In 2006, Griffiths began publishing the results of these initial Hopkins studies with a piece in Psychopharmacology titled “Psilocybin can occasion mystical experiences having substantial and sustained personal meaning and spiritual significance”. From his beginnings with the spiritual, he has moved on to that same described intersection with the scientific, as the primary author of further studies on addiction, existential distress in terminal cancer patients, and mystical experiences. He expands on all of these in a widely viewed TEDtalk, concluding both that the data provides evidence for a greater potential efficacy of treatment than anyone would have thought possible, and with the staggering implication that human brains are wired to be able to have mystical experiences, and that they are “biologically normal.” To Griffiths, our own neuroanatomy makes us spiritual beings.

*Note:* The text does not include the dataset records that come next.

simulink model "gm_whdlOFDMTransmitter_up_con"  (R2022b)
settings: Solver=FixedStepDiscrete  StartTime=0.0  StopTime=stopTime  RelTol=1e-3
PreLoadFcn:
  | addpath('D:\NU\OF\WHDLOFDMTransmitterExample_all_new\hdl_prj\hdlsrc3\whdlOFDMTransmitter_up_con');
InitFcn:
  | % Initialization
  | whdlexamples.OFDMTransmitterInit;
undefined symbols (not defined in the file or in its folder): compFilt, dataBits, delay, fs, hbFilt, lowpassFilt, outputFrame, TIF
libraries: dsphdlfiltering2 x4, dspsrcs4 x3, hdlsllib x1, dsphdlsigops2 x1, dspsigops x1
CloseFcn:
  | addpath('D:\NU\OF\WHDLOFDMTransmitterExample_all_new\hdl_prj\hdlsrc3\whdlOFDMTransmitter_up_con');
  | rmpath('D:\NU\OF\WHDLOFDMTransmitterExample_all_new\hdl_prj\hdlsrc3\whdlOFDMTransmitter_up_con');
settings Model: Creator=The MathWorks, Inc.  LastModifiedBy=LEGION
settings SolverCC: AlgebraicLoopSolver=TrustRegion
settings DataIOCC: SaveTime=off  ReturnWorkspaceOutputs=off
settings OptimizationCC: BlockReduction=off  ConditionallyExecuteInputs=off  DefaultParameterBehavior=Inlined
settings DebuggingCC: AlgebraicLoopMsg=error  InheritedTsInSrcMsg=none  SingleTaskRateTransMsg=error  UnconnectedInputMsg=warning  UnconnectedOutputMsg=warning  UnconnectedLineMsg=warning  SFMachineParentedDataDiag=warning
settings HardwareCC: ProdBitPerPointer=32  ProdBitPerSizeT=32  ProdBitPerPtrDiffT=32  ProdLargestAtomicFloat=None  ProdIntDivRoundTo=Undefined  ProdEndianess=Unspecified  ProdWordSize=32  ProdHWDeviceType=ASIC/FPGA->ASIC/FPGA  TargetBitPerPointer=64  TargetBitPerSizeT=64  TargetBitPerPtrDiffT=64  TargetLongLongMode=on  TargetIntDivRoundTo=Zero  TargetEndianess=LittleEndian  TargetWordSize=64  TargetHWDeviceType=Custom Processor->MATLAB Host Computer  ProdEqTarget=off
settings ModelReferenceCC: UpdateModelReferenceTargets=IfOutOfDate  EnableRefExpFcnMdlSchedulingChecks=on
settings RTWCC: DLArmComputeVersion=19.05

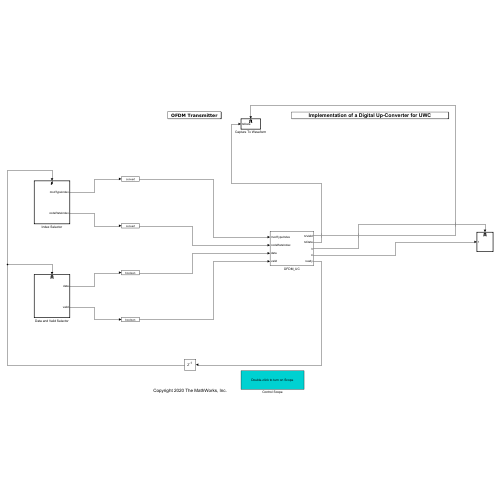
[thumbnail: Simulink's stored preview of the top-level diagram]
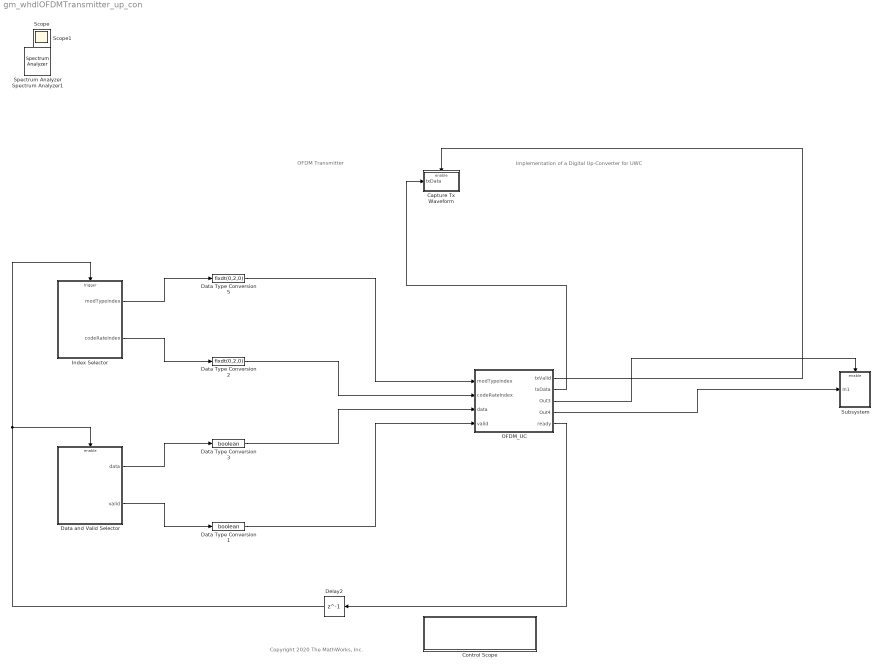
== system gm_whdlOFDMTransmitter_up_con ==
  note: Copyright 2020 The MathWorks, Inc.
  note: OFDM Transmitter
  note: Implementation of a Digital Up-Converter for UWC
  Capture Tx Waveform : Subsystem  TreatAsAtomicUnit=on
  Control Scope : Subsystem
      settings: OpenFcn=|
      | hScopeConfig = get_param([gcs '/Capture Tx Waveform/Spectrum Analyzer'],'ScopeConfiguration');
      | hScopeConfig.Visible = true;
      | clear hScopeConfig;
      mask Display: disp('Double-click to turn on Scope');
  Data Type Conversion1 : DataTypeConversion  OutDataTypeStr=boolean  SaturateOnIntegerOverflow=off  RndMeth=Floor
  Data Type Conversion2 : DataTypeConversion  OutDataTypeStr=fixdt(0,2,0)  RndMeth=Floor
  Data Type Conversion3 : DataTypeConversion  OutDataTypeStr=boolean  SaturateOnIntegerOverflow=off  RndMeth=Floor
  Data Type Conversion5 : DataTypeConversion  OutDataTypeStr=fixdt(0,2,0)  RndMeth=Floor
  Data and Valid Selector : Subsystem  TreatAsAtomicUnit=on
  Delay2 : Delay  DelayLength=1
  Index Selector : Subsystem  TreatAsAtomicUnit=on
  OFDM_UC : Subsystem
  Subsystem : Subsystem
  Scope : Scope
  Scope1 : Scope
  Spectrum Analyzer : SpectrumAnalyzer  IOType=viewer
  Spectrum Analyzer1 : SpectrumAnalyzer  IOType=viewer
  wires:
  Index Selector/1(modTypeIndex) -> Data Type Conversion5/1
  Index Selector/2(codeRateIndex) -> Data Type Conversion2/1
  Delay2/1 -> Index Selector/Trigger, Data and Valid Selector/Enable
  Data and Valid Selector/1(data) -> Data Type Conversion3/1
  Data and Valid Selector/2(valid) -> Data Type Conversion1/1
  Data Type Conversion5/1 -> OFDM_UC/1(modTypeIndex)
  Data Type Conversion2/1 -> OFDM_UC/2(codeRateIndex)
  Data Type Conversion3/1 -> OFDM_UC/3(data)
  Data Type Conversion1/1 -> OFDM_UC/4(valid)
  OFDM_UC/1(txValid) -> Capture Tx Waveform/Enable
  OFDM_UC/2(txData) -> Capture Tx Waveform/1(txData)
  OFDM_UC/3(Out3) -> Subsystem/Enable
  OFDM_UC/4(Out4) -> Subsystem/1(In1)
  OFDM_UC/5(ready) -> Delay2/1

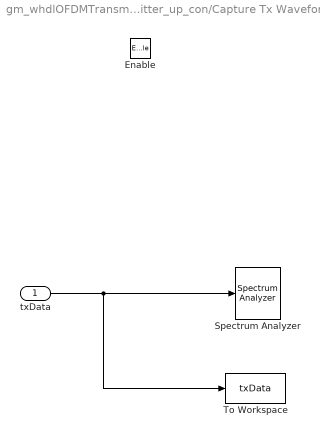
== system gm_whdlOFDMTransmitter_up_con/Capture Tx Waveform ==
  txData : Inport
  Enable : EnablePort
  Spectrum Analyzer : SpectrumAnalyzer
  To Workspace : ToWorkspace  VariableName=txData  SaveFormat=Timeseries  SampleTime=-1
      settings: Save2DSignal=2-D array (concatenate along first dimension)
  wires:
  txData/1 -> Spectrum Analyzer/1, To Workspace/1

== system gm_whdlOFDMTransmitter_up_con/Control Scope ==

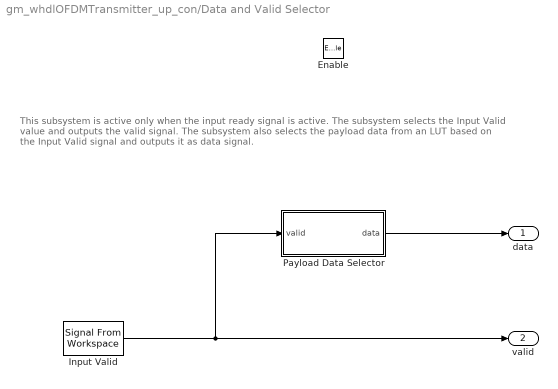
== system gm_whdlOFDMTransmitter_up_con/Data and Valid Selector ==
  note: This subsystem is active only when the input ready signal is active. The subsystem selects the Input Valid value and outputs the valid signal.
      | The subsystem also selects the payload data from an LUT based on the Input Valid signal and outputs it as data signal.
  Enable : EnablePort
  Input Valid : dspsrcs4/Signal From Workspace  X=validIn  Ts=1/(fs*16)  nsamps=1  OutputAfterFinalValue=Setting to zero  ignoreOrWarnInputAndFrameLengths=off  OutputFrames=off
  Payload Data Selector : Subsystem  TreatAsAtomicUnit=on
  data : Outport  InitialOutput=0  VectorParamsAs1DForOutWhenUnconnected=off
  valid : Outport  Port=2  InitialOutput=0  VectorParamsAs1DForOutWhenUnconnected=off
  wires:
  Input Valid/1 -> Payload Data Selector/1(valid), valid/1
  Payload Data Selector/1(data) -> data/1

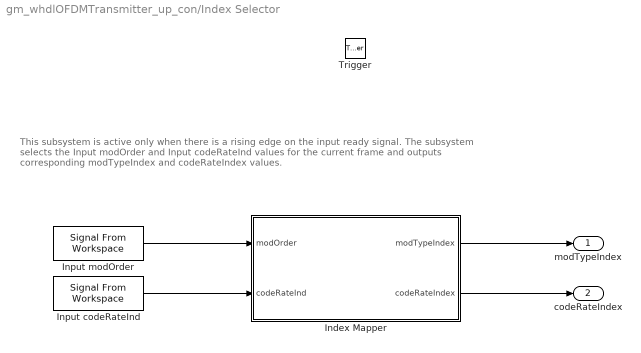
== system gm_whdlOFDMTransmitter_up_con/Index Selector ==
  note: This subsystem is active only when there is a rising edge on the input ready signal. The subsystem selects the Input modOrder and Input codeRateInd values
      | for the current frame and outputs corresponding modTypeIndex and codeRateIndex values.
  Trigger : TriggerPort  VariantControl=(inherit)  PortDimensions=1
  Index Mapper : MATLAB Function  TreatAsAtomicUnit=on
  Input codeRateInd : dspsrcs4/Signal From Workspace  X=codeRateIndex  Ts=-1  nsamps=1  OutputAfterFinalValue=Setting to zero  ignoreOrWarnInputAndFrameLengths=off  OutputFrames=off
  Input modOrder : dspsrcs4/Signal From Workspace  X=modOrder  Ts=-1  nsamps=1  OutputAfterFinalValue=Setting to zero  ignoreOrWarnInputAndFrameLengths=off  OutputFrames=off
  modTypeIndex : Outport  InitialOutput=0  VectorParamsAs1DForOutWhenUnconnected=off
  codeRateIndex : Outport  Port=2  InitialOutput=0  VectorParamsAs1DForOutWhenUnconnected=off
  wires:
  Index Mapper/1(modTypeIndex) -> modTypeIndex/1
  Index Mapper/2(codeRateIndex) -> codeRateIndex/1
  Input modOrder/1 -> Index Mapper/1(modOrder)
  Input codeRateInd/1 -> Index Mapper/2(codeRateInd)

Johns Hopkins Center: Impact and Outlook

It’s hard to exaggerate just how important the work of the Johns Hopkins Center is for the future of psychedelics, and medicine and psychotherapy as a whole. As investor decks for the initial wave of psychedelic drug companies are increasingly fond of reminding us, mental health and addiction are growing problem areas with low success rates for resolution. Psychedelics, in these early stages, offer the appearance of tangible progress towards a more effective new model of treatment. Beyond that, Roland Griffiths’ attempt to put his finger on the point where the highways of science and spirituality merge (with an off-ramp to commerce) represents a triumph in itself. The early phases of psychedelic research were marked by fears of madness and social unrest. The fringe is moving to the mainstream, and the laboratory science of biochemistry, psychology, and what some might call the soul, are all meeting under this new aegis. Without too much rancor between them, representatives of each and all work to find a key to healing together. Even if psychedelics achieve nothing else, it’s a victory for the human condition.